The child's growth is shown in Figure 3. His growth is still poor.

The child's father had also phenotypic features of TRPS type I, including short stature (height 156 cm), generalized scalp alopecia, tubular nose, thin vermilion of the upper lip, deviated fingers, and toes.

The father was previously surgically treated with left hip replacement because of Perthes disease. He had no history of bone fractures. A DXA analysis was performed in adult age and was normal, although at the lower level of the range of normal.

Mutational analysis was performed in the child and the father, by bidirectional sequencing of the entire coding regions of TRPS1 gene. The mutation C1233R was found in both (Fig. 4).

DISCUSSION

Review of the literature shows that severe osteoporosis is reported in a single patient with TRPS type I, carrying the de novo 1096insA mutation in TRPS1 gene [Shao et al., 2011], while significantly reduced bone mass and quail were described as a new feature of TRPS type I by Stagi et al. [2008] and Sarafoglou et al. [2010]. Therefore, osteoporosis and alterations of BMD should be considered an additional rare feature of TRPS type I. Interestingly, a single nucleotide polymorphism (rs4355801) mapping on the same chromosomal locus of TRPS1 (8q24.12) has been significantly associated with BMD and osteoporosis by genome-wide association study (GWAS) [Richards et al., 2008].

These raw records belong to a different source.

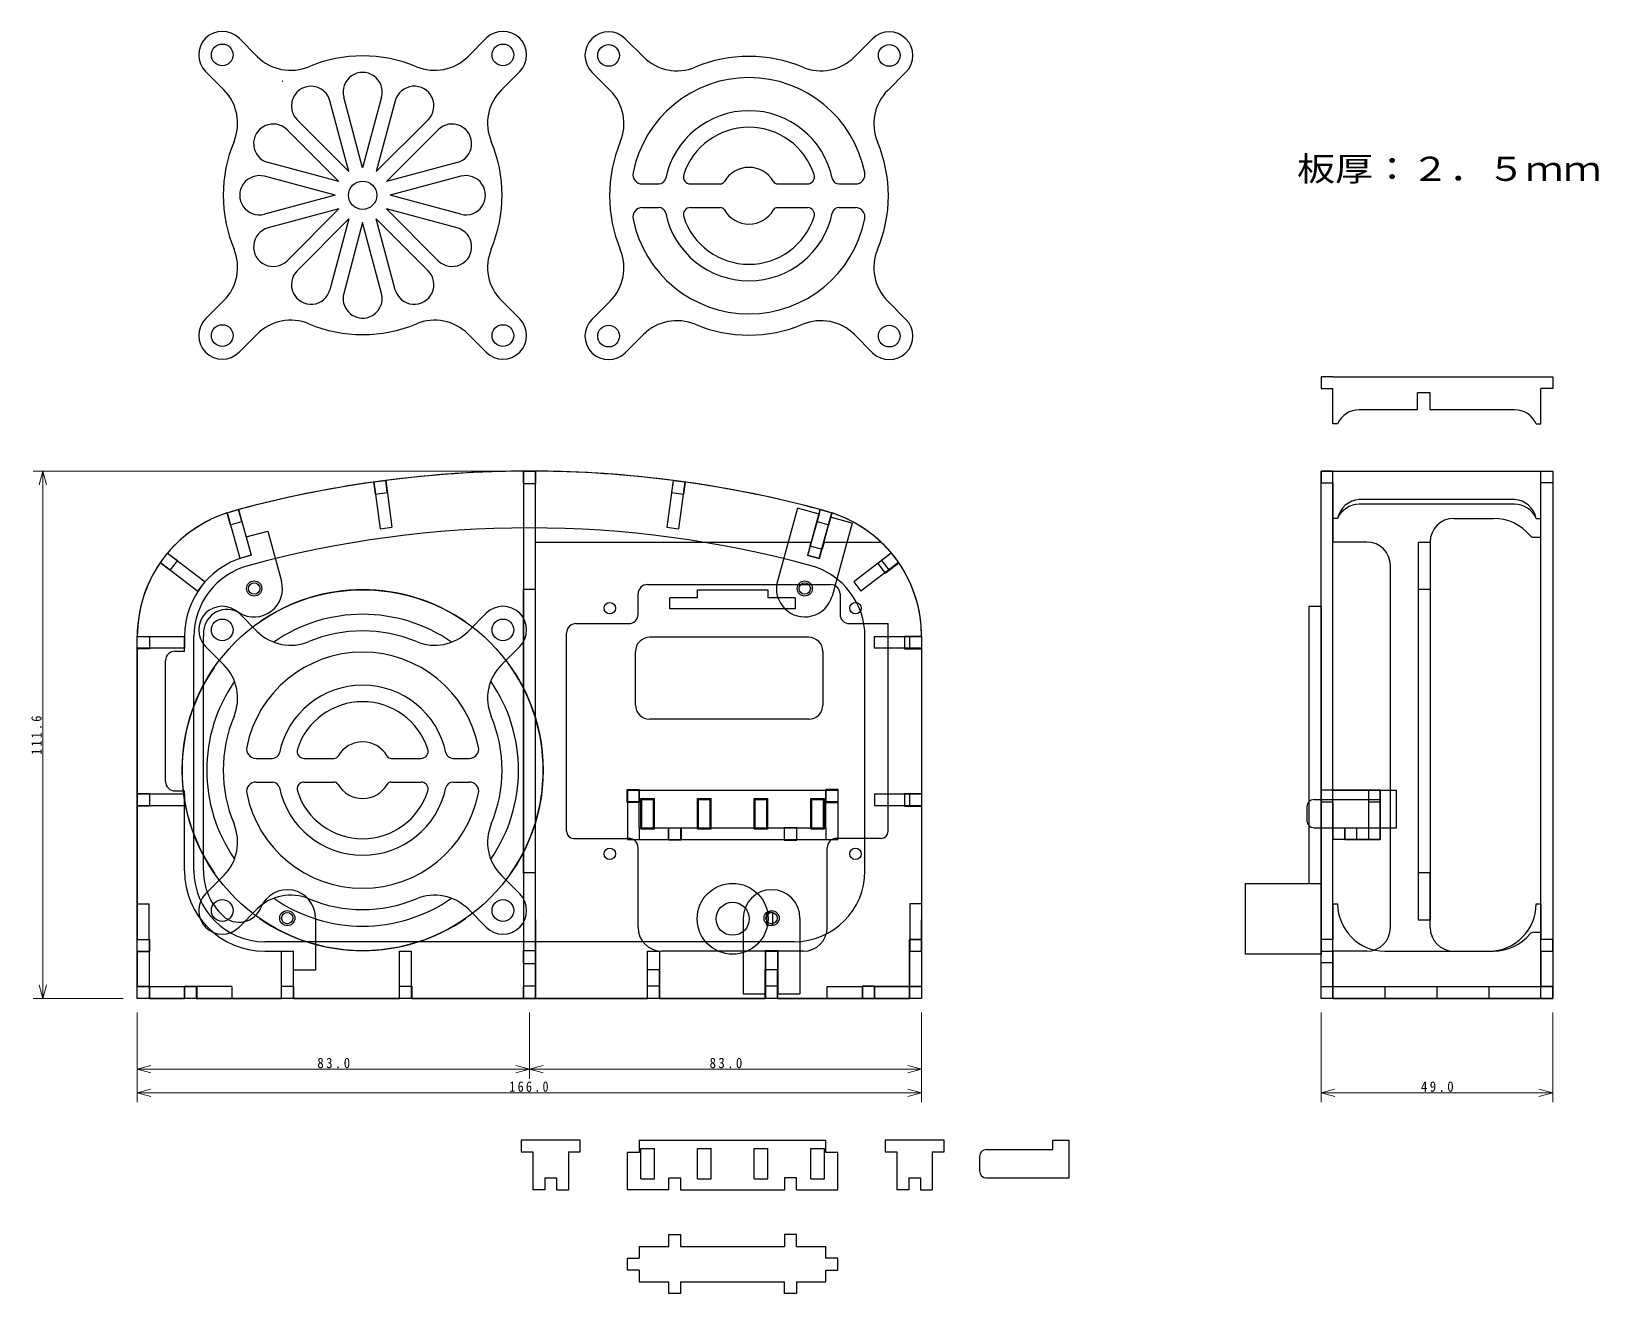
# Model space of a CAD drawing. Units: millimetres on the paper. Extents: x -174 to 157, y -135 to 132.
import ezdxf
from ezdxf.enums import TextEntityAlignment as Align

# ---------------------------------------------------------------- set-up
doc = ezdxf.new("R2010")
doc.units = ezdxf.units.MM
for name, color, linetype, lineweight in [('0-1_外形1(1)', 3, 'Continuous', 25), ('0-2_外形2(2)', 3, 'Continuous', 25), ('0-3_外形3(3)', 3, 'Continuous', 25), ('0-4_外形4(4)', 3, 'Continuous', 25), ('0-5_外形5(5)', 3, 'Continuous', 25), ('0-6_外形6(6)', 3, 'Continuous', 25), ('0-7_外形7(7)', 3, 'Continuous', 25), ('0-A_寸法文字(A)', 1, 'Continuous', 9)]:
    doc.layers.add(name, color=color, linetype=linetype, lineweight=lineweight)
doc.styles.add('ＭＳ ゴシック', font='')
doc.styles.get('ＭＳ ゴシック').set_extended_font_data('MS Gothic')

msp = doc.modelspace()

# ---------------------------------------------------------------- linework, layer by layer
at = {"layer": '0-1_外形1(1)'}
for p, q in [((-33.532, 13.961), (-18.612, 13.961)), ((-33.532, 12.261), (-33.532, 13.961)), ((-18.612, 13.961), (-18.612, 12.261)), ((-39.332, 9.941), (-39.332, 12.261)), ((-33.532, 12.261), (-39.332, 12.261)), ((-12.812, 12.261), (-18.612, 12.261)), ((95.962, -48.149), (95.962, 10.499)), ((-130.535, 9.035), (-126.675, 5.175)), ((-78.209, 9.035), (-82.07, 5.175)), ((-9.971, 3.928), (-43.621, 3.928)), ((-137.606, 1.964), (-133.746, -1.896)), ((-71.138, 1.964), (-74.998, -1.896)), ((-46.621, -10.404), (-46.621, 0.928)), ((-6.971, 0.928), (-6.971, -10.404)), ((-9.971, -13.404), (-43.621, -13.404)), ((-126.928, -21.699), (-123.458, -21.699)), ((-116.742, -21.699), (-110.435, -21.699)), ((-98.31, -21.699), (-92.003, -21.699)), ((-85.287, -21.699), (-81.817, -21.699)), ((-126.928, -26.699), (-123.458, -26.699)), ((-116.742, -26.699), (-110.435, -26.699)), ((-98.31, -26.699), (-92.003, -26.699)), ((-85.287, -26.699), (-81.817, -26.699)), ((-45.522, -30.199), (-42.622, -30.199)), ((-45.522, -36.599), (-45.522, -30.199)), ((-42.622, -36.599), (-42.622, -30.199)), ((-30.622, -36.599), (-30.622, -30.199)), ((-18.622, -36.599), (-18.622, -30.199)), ((-6.622, -36.599), (-6.622, -30.199)), ((-45.522, -36.599), (-42.622, -36.599)), ((-33.522, -36.599), (-30.622, -36.599)), ((-21.522, -36.599), (-18.622, -36.599)), ((-9.522, -36.599), (-6.622, -36.599)), ((-133.746, -46.502), (-137.606, -50.362)), ((-74.998, -46.502), (-71.138, -50.362)), ((-126.675, -53.573), (-130.535, -57.433)), ((-82.07, -53.573), (-78.209, -57.433))]:
    msp.add_line(p, q, dxfattribs=at)
for points in [[(98.462, 39.101), (147.462, 39.101), (147.462, -72.499), (98.462, -72.499)], [(98.462, -63.149), (82.462, -63.149), (82.462, -48.149), (98.462, -48.149)], [(-18.872, -54.249), (-17.672, -54.249), (-17.672, -57.049), (-18.872, -57.049)]]:
    msp.add_lwpolyline(points, close=True, dxfattribs=at)
for points in [[(-12.812, 12.261), (-12.812, 9.941), (-39.332, 9.941)], [(95.962, 10.499), (98.462, 10.499), (98.462, -58.898)], [(13.928, 4.201), (13.928, -72.499), (-152.072, -72.499), (-152.072, 4.201)], [(-33.522, -36.599), (-33.522, -30.199), (-30.622, -30.199)], [(-21.522, -36.599), (-21.522, -30.199), (-18.622, -30.199)], [(-9.522, -36.599), (-9.522, -30.199), (-6.622, -30.199)]]:
    msp.add_lwpolyline(points, dxfattribs=at)
for centre, radius in [((-134.071, 5.499), 2.3), ((-134.071, 5.499), 2.3), ((-74.674, 5.499), 2.3), ((-74.674, 5.499), 2.3), ((-26.072, -55.649), 7.5), ((-134.071, -53.898), 2.3), ((-134.071, -53.898), 2.3), ((-74.674, -53.898), 2.3), ((-74.674, -53.898), 2.3)]:
    msp.add_circle(centre, radius, dxfattribs=at)
for centre, radius, start, end in [((-69.072, -198.032), 237.133, 74.65343, 105.34657), ((-124.547, 4.101), 27.526, 105.34657, 180), ((-13.598, 4.101), 27.526, 0, 74.65343), ((-104.372, -24.199), 38.2, 55.23574, 124.76426), ((-134.071, 5.499), 5, 45, 225), ((-74.674, 5.499), 5, 315, 135), ((-104.372, -24.199), 33, 55.23574, 124.76426), ((-119.604, 12.246), 10, 225, 292.682), ((-104.372, -24.199), 29.5, 67.318, 112.682), ((-89.141, 12.246), 10, 247.318, 315), ((-43.621, 0.928), 3, 90, 180), ((-9.971, 0.928), 3, 0, 90), ((-104.372, -24.199), 25, 11.28282, 168.71718), ((-104.372, -24.199), 38.2, 145.23574, 214.76426), ((-140.817, -8.967), 10, 337.318, 45), ((-67.927, -8.967), 10, 135, 202.682), ((-104.372, -24.199), 38.2, 325.23574, 34.76426), ((-104.372, -24.199), 33, 145.23574, 214.76426), ((-104.372, -24.199), 18, 11.837, 168.163), ((-104.372, -24.199), 33, 325.23574, 34.76426), ((-104.372, -24.199), 14.5, 17.92021, 162.07979), ((-104.372, -24.199), 29.5, 157.318, 202.682), ((-104.372, -24.199), 29.5, 337.318, 22.682), ((-43.621, -10.404), 3, 180, 270), ((-9.971, -10.404), 3, 270, 0), ((-126.928, -19.699), 2, 168.71718, 270), ((-116.742, -20.199), 1.5, 162.07979, 270), ((-104.372, -24.199), 6, 30, 150), ((-92.003, -20.199), 1.5, 270, 17.92021), ((-81.817, -19.699), 2, 270, 11.28282), ((-123.458, -20.199), 1.5, 270, 348.163), ((-110.435, -20.699), 1, 270, 330), ((-98.31, -20.699), 1, 210, 270), ((-85.287, -20.199), 1.5, 191.837, 270), ((-126.928, -28.699), 2, 90, 191.28282), ((-104.372, -24.199), 25, 191.28282, 348.71718), ((-123.458, -28.199), 1.5, 11.837, 90), ((-104.372, -24.199), 18, 191.837, 348.163), ((-116.742, -28.199), 1.5, 90, 197.92021), ((-104.372, -24.199), 14.5, 197.92021, 342.07979), ((-110.435, -27.699), 1, 30, 90), ((-104.372, -24.199), 6, 210, 330), ((-98.31, -27.699), 1, 90, 150), ((-92.003, -28.199), 1.5, 342.07979, 90), ((-85.287, -28.199), 1.5, 90, 168.163), ((-81.817, -28.699), 2, 348.71718, 90), ((-140.817, -39.431), 10, 315, 22.682), ((-67.927, -39.431), 10, 157.318, 225), ((-134.071, -53.898), 5, 135, 315), ((-119.604, -60.644), 10, 67.318, 135), ((-104.372, -24.199), 33, 235.23574, 304.76426), ((-104.372, -24.199), 29.5, 247.318, 292.682), ((-89.141, -60.644), 10, 45, 112.682), ((-74.674, -53.898), 5, 225, 45), ((-104.372, -24.199), 38.2, 235.23574, 304.76426)]:
    msp.add_arc(centre, radius, start, end, dxfattribs=at)
at = {"layer": '0-2_外形2(2)'}
for p, q in [((-101.974, 36.807), (-99.496, 37.141)), ((-99.496, 37.141), (-98.161, 27.231)), ((-70.322, 39.098), (-70.322, -72.499)), ((-70.322, 39.098), (-67.822, 39.098)), ((-67.822, -72.499), (-67.822, 39.098)), ((-38.649, 37.141), (-36.171, 36.807)), ((-36.171, 36.807), (-37.506, 26.897)), ((98.462, -72.499), (98.462, 39.101)), ((98.462, 39.101), (147.462, 39.101)), ((100.962, -72.499), (100.962, 39.101)), ((144.962, -72.499), (144.962, 39.101)), ((147.462, 39.101), (147.462, -72.499)), ((-133.037, 30.315), (-130.626, 30.976)), ((-130.626, 30.976), (-127.979, 21.333)), ((-10.165, 21.333), (-7.519, 30.976)), ((-7.519, 30.976), (-5.108, 30.315)), ((139.379, 32.101), (106.544, 32.101)), ((101.962, 29.101), (100.962, 29.101)), ((143.962, 29.101), (144.962, 29.101)), ((-147.17, 19.78), (-145.654, 21.768)), ((-145.654, 21.768), (-137.702, 15.705)), ((7.509, 21.768), (-0.442, 15.705)), ((-147.17, 19.78), (-139.218, 13.717)), ((-139.218, 13.717), (-137.702, 15.705)), ((-0.442, 15.705), (1.073, 13.717)), ((-152.072, 1.601), (-152.072, 4.101)), ((3.928, 1.601), (3.928, 4.101)), ((-142.072, 1.601), (-152.072, 1.601)), ((13.928, 1.601), (3.928, 1.601)), ((-152.072, -29.199), (-142.072, -29.199)), ((-142.072, -29.199), (-142.072, -31.699)), ((-48.322, -28.399), (-48.322, -38.899)), ((-48.322, -28.399), (-45.822, -28.399)), ((-45.822, -36.399), (-45.822, -28.399)), ((-45.822, -28.399), (-6.322, -28.399)), ((-6.322, -36.399), (-6.322, -28.399)), ((-6.322, -28.399), (-3.822, -28.399)), ((-3.822, -28.399), (-3.822, -38.899)), ((3.928, -29.199), (13.928, -29.199)), ((13.928, -29.199), (13.928, -31.699)), ((110.962, -28.399), (100.962, -28.399)), ((100.962, -28.399), (110.962, -28.399)), ((108.462, -28.399), (108.462, -30.899)), ((110.962, -38.899), (110.962, -28.399)), ((110.962, -28.399), (114.412, -28.399)), ((110.962, -28.399), (110.962, -38.899)), ((114.412, -36.399), (114.412, -28.399)), ((-45.822, -30.899), (-48.322, -30.899)), ((-45.322, -36.399), (-45.322, -30.399)), ((-45.322, -30.399), (-42.822, -30.399)), ((-42.822, -36.399), (-42.822, -30.399)), ((-33.322, -36.399), (-33.322, -30.399)), ((-33.322, -30.399), (-30.822, -30.399)), ((-30.822, -36.399), (-30.822, -30.399)), ((-21.322, -36.399), (-21.322, -30.399)), ((-21.322, -30.399), (-18.822, -30.399)), ((-18.822, -36.399), (-18.822, -30.399)), ((-9.322, -36.399), (-9.322, -30.399)), ((-9.322, -30.399), (-6.822, -30.399)), ((-6.822, -36.399), (-6.822, -30.399)), ((-3.822, -30.899), (-6.322, -30.899)), ((95.462, -31.899), (95.462, -34.899)), ((96.962, -30.399), (98.462, -30.399)), ((108.462, -30.899), (108.462, -38.899)), ((108.462, -30.899), (110.962, -30.899)), ((108.462, -30.899), (110.962, -30.899)), ((108.462, -30.899), (108.462, -38.899)), ((-45.822, -36.399), (-45.822, -38.899)), ((-45.822, -36.399), (-6.322, -36.399)), ((-39.572, -38.899), (-39.572, -36.399)), ((-37.072, -36.399), (-37.072, -38.899)), ((-15.072, -38.899), (-15.072, -36.399)), ((-12.572, -36.399), (-12.572, -38.899)), ((-6.322, -36.399), (-6.322, -38.899)), ((96.962, -36.399), (98.462, -36.399)), ((103.462, -36.399), (103.462, -38.899)), ((103.462, -36.399), (105.962, -36.399)), ((103.462, -38.899), (103.462, -36.399)), ((105.962, -36.399), (105.962, -38.899)), ((110.962, -36.399), (114.412, -36.399)), ((-48.322, -38.899), (-3.822, -38.899)), ((103.462, -38.899), (100.962, -38.899)), ((110.962, -38.899), (100.962, -38.899)), ((103.462, -38.899), (110.962, -38.899)), ((-152.072, -52.499), (-149.572, -52.499)), ((-152.072, -52.499), (-152.072, -59.999)), ((-149.572, -59.999), (-149.572, -52.499)), ((11.428, -52.499), (11.428, -62.499)), ((13.928, -52.499), (11.428, -52.499)), ((13.928, -52.499), (13.928, -59.999)), ((100.962, -52.499), (101.962, -52.499)), ((143.962, -52.499), (144.962, -52.499)), ((11.428, -62.499), (13.928, -62.499)), ((11.428, -72.499), (11.428, -62.499)), ((100.962, -59.999), (98.462, -59.999)), ((98.462, -62.499), (100.962, -62.499)), ((111.962, -62.499), (134.962, -62.499)), ((147.462, -59.999), (144.962, -59.999)), ((144.962, -62.499), (147.462, -62.499)), ((-132.072, -69.999), (-139.572, -69.999)), ((-139.572, -72.499), (-132.072, -72.499)), ((-132.072, -69.999), (-132.072, -72.499)), ((-70.322, -72.499), (-67.822, -72.499)), ((-6.072, -72.499), (-6.072, -69.999)), ((-6.072, -69.999), (1.428, -69.999)), ((-6.072, -72.499), (1.428, -72.499)), ((3.928, -69.999), (13.928, -69.999)), ((98.462, -69.999), (147.462, -69.999)), ((147.462, -72.499), (98.462, -72.499)), ((111.962, -69.999), (111.962, -72.499)), ((122.962, -69.999), (122.962, -72.499)), ((133.962, -69.999), (133.962, -72.499))]:
    msp.add_line(p, q, dxfattribs=at)
for points in [[(-101.974, 36.807), (-100.639, 26.897), (-98.161, 27.231)], [(-38.649, 37.141), (-39.984, 27.231), (-37.506, 26.897)], [(-133.037, 30.315), (-130.39, 20.671), (-127.979, 21.333)], [(-10.165, 21.333), (-7.755, 20.671), (-5.108, 30.315)], [(7.509, 21.768), (9.025, 19.78), (1.073, 13.717)], [(-152.072, 4.101), (-142.072, 4.101), (-142.072, 1.601)], [(3.928, 4.101), (13.928, 4.101), (13.928, 1.601)], [(-152.072, -29.199), (-152.072, -31.699), (-142.072, -31.699)], [(3.928, -29.199), (3.928, -31.699), (13.928, -31.699)], [(100.962, -28.399), (98.462, -28.399), (98.462, -30.899), (100.962, -30.899), (100.962, -38.899)], [(103.462, -36.399), (105.962, -36.399), (105.962, -38.899)], [(-152.072, -62.499), (-152.072, -59.999), (-149.572, -59.999), (-149.572, -62.499)], [(-152.072, -62.499), (-149.572, -62.499), (-149.572, -72.499)], [(-142.072, -72.499), (-152.072, -72.499), (-152.072, -62.499)], [(13.928, -62.499), (13.928, -72.499), (3.928, -72.499), (3.928, -69.999)], [(13.928, -62.499), (13.928, -59.999), (11.428, -59.999)], [(-152.072, -69.999), (-142.072, -69.999), (-142.072, -72.499)], [(-142.072, -69.999), (-139.572, -69.999), (-139.572, -72.499), (-142.072, -72.499)], [(3.928, -69.999), (1.428, -69.999), (1.428, -72.499), (3.928, -72.499)]]:
    msp.add_lwpolyline(points, dxfattribs=at)
for points in [[(-121.572, -62.499), (-119.072, -62.499), (-119.072, -72.499), (-121.572, -72.499)], [(-96.572, -62.499), (-94.072, -62.499), (-94.072, -72.499), (-96.572, -72.499)], [(-44.072, -62.499), (-41.572, -62.499), (-41.572, -72.499), (-44.072, -72.499)], [(-19.072, -62.499), (-16.572, -62.499), (-16.572, -72.499), (-19.072, -72.499)]]:
    msp.add_lwpolyline(points, close=True, dxfattribs=at)
for centre, radius, start, end in [((106.544, 27.101), 5, 90, 156.42182), ((139.379, 27.101), 5, 23.57818, 90), ((96.962, -31.899), 1.5, 90, 180), ((96.962, -34.899), 1.5, 180, 270), ((111.962, -52.499), 10, 180, 270), ((133.962, -52.499), 10, 270, 0)]:
    msp.add_arc(centre, radius, start, end, dxfattribs=at)
at = {"layer": '0-3_外形3(3)'}
for p, q in [((-102.073, 36.793), (-101.726, 34.217)), ((-38.649, 37.141), (-38.996, 34.564)), ((-36.419, 34.217), (-36.072, 36.793)), ((-38.996, 34.564), (-36.419, 34.217)), ((-133.125, 30.256), (-132.437, 27.749)), ((-7.52, 30.973), (-8.208, 28.466)), ((-5.708, 27.749), (-5.02, 30.256)), ((-8.208, 28.466), (-5.708, 27.749)), ((-145.654, 21.768), (-143.584, 20.19)), ((-143.584, 20.19), (-145.161, 18.122)), ((7.509, 21.768), (5.44, 20.19)), ((5.44, 20.19), (7.016, 18.122)), ((-145.161, 18.122), (-147.227, 19.698)), ((7.016, 18.122), (9.082, 19.698)), ((-33.532, 13.961), (-18.612, 13.961)), ((-33.532, 12.261), (-33.532, 13.961)), ((-18.612, 13.961), (-18.612, 12.261)), ((-39.332, 9.941), (-39.332, 12.261)), ((-33.532, 12.261), (-39.332, 12.261)), ((-12.812, 12.261), (-18.612, 12.261)), ((-9.971, 3.928), (-43.621, 3.928)), ((-152.072, 1.501), (-152.072, -29.099)), ((-149.472, 1.501), (-152.072, 1.501)), ((-46.621, -10.404), (-46.621, 0.928)), ((-6.971, 0.928), (-6.971, -10.404)), ((11.328, 1.501), (13.928, 1.501)), ((-9.971, -13.404), (-43.621, -13.404)), ((-152.072, -29.099), (-149.472, -29.099)), ((-149.472, -29.099), (-149.472, -31.799)), ((-48.422, -30.999), (-48.422, -28.299)), ((-3.722, -30.999), (-3.722, -28.299)), ((-149.472, -31.799), (-152.072, -31.799)), ((-45.522, -30.199), (-42.622, -30.199)), ((-45.522, -36.599), (-45.522, -30.199)), ((-42.622, -36.599), (-42.622, -30.199)), ((-30.622, -36.599), (-30.622, -30.199)), ((-18.622, -36.599), (-18.622, -30.199)), ((-6.622, -36.599), (-6.622, -30.199)), ((11.328, -31.799), (13.928, -31.799)), ((13.928, -31.799), (13.928, -59.999)), ((-15.172, -36.399), (-15.172, -38.999)), ((-12.472, -36.399), (-15.172, -36.399)), ((-12.472, -38.999), (-12.472, -36.399)), ((-45.522, -36.599), (-42.622, -36.599)), ((-36.972, -38.999), (-39.572, -38.999)), ((-33.522, -36.599), (-30.622, -36.599)), ((-21.522, -36.599), (-18.622, -36.599)), ((-15.172, -38.999), (-12.472, -38.999)), ((-9.522, -36.599), (-6.622, -36.599)), ((-152.072, -62.599), (-149.472, -62.599)), ((-152.072, -62.599), (-152.072, -69.899)), ((-149.472, -59.999), (-149.472, -62.599)), ((-70.422, -62.399), (-70.422, -65.099)), ((-67.722, -62.399), (-70.422, -62.399)), ((-67.722, -65.099), (-67.722, -62.399)), ((11.328, -59.999), (13.928, -59.999)), ((11.328, -62.599), (11.328, -59.999)), ((13.928, -62.599), (11.328, -62.599)), ((13.928, -62.599), (13.928, -69.899)), ((-70.422, -65.099), (-67.722, -65.099)), ((-142.072, -69.899), (-139.472, -69.899)), ((-139.472, -69.899), (-139.472, -72.499)), ((-118.972, -72.499), (-96.672, -72.499)), ((-93.972, -72.499), (-44.172, -72.499)), ((-41.572, -72.499), (-41.572, -69.899)), ((-41.572, -72.499), (-19.172, -72.499)), ((-16.572, -72.499), (-16.572, -69.899)), ((-16.572, -72.499), (1.328, -72.499)), ((1.328, -69.899), (1.328, -72.499)), ((3.928, -69.899), (1.328, -69.899)), ((3.928, -72.499), (3.928, -69.899)), ((3.928, -72.499), (11.328, -72.499)), ((11.328, -69.899), (13.928, -69.899)), ((11.328, -72.499), (11.328, -69.899))]:
    msp.add_line(p, q, dxfattribs=at)
for points in [[(-101.726, 34.217), (-99.149, 34.564), (-99.496, 37.141)], [(-70.422, 39.098), (-70.422, 36.498), (-67.722, 36.498), (-67.722, 39.098)], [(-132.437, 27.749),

In the present case, in consideration of the occurrence of fractures and severe degree of bone demineralization, a treatment with biphosphonates a therapeutical strategy borrowed from osteogenesis imperfecta (OI), was tried. In a Cochrane meta-analysis of 2009, Phillipi et al. [2008] showed that the results from the included studies provide evidence, albeit in a relatively small population, that there is significant improvement in BMD in individuals affected with OI when treated with either oral or IV bisphosphonates. Whether the increase in BMD is a surrogate marker for fracture reduction and clinical functional improvement needs to be demonstrated. Additionally, the long-term safety of bisphosphonates in OI, particularly when used in children, and the effects of bisphosphonates on fracture and perioperative bone healing have not been sufficiently evaluated. Effects of bisphosphonates on fracture incidence, growth, bone deformity, mobility, and pain have not yet been adequately studied. Randomized controlled studies have not been realized because of the small subject pool and the difficulty in randomizing a child with an insufficiency fracture to a placebo arm of a study [Phillipi et al., 2008]. In a recent retrospective study Dominguez-Bartmess et al. [2012] showed that oral alendronate treatment failed to produce a significant improvement in bone mineral density in children with low bone density for their age compared with matched, untreated controls, but this result is quite controversial if compared with other studies.

In our report the father had the same mutation but has not a history of fractures. He was treated with hip bone replacement because of Perthes disease. He did not showed signs of osteoporosis.

One could state that improvement of bone density in the child might be due to age; however this seems unlikely because the degree of osteoporosis was severe and symptomatic (a number of spontaneous fractures) before treatment, and normalization of BMD and absence of fracture was achieved in a relatively short period of time.

Although this is a single experience, biphosponate infusional therapy seemed to be effective, both in terms of clinical (absence of new fractures) and mineralomethric parameters (+45% BMD at the lumbar level) (Fig. 2). We suggest that treatment with biphosponate be considered as a possible therapeutic option in case of bone fragility in patients with TRPS.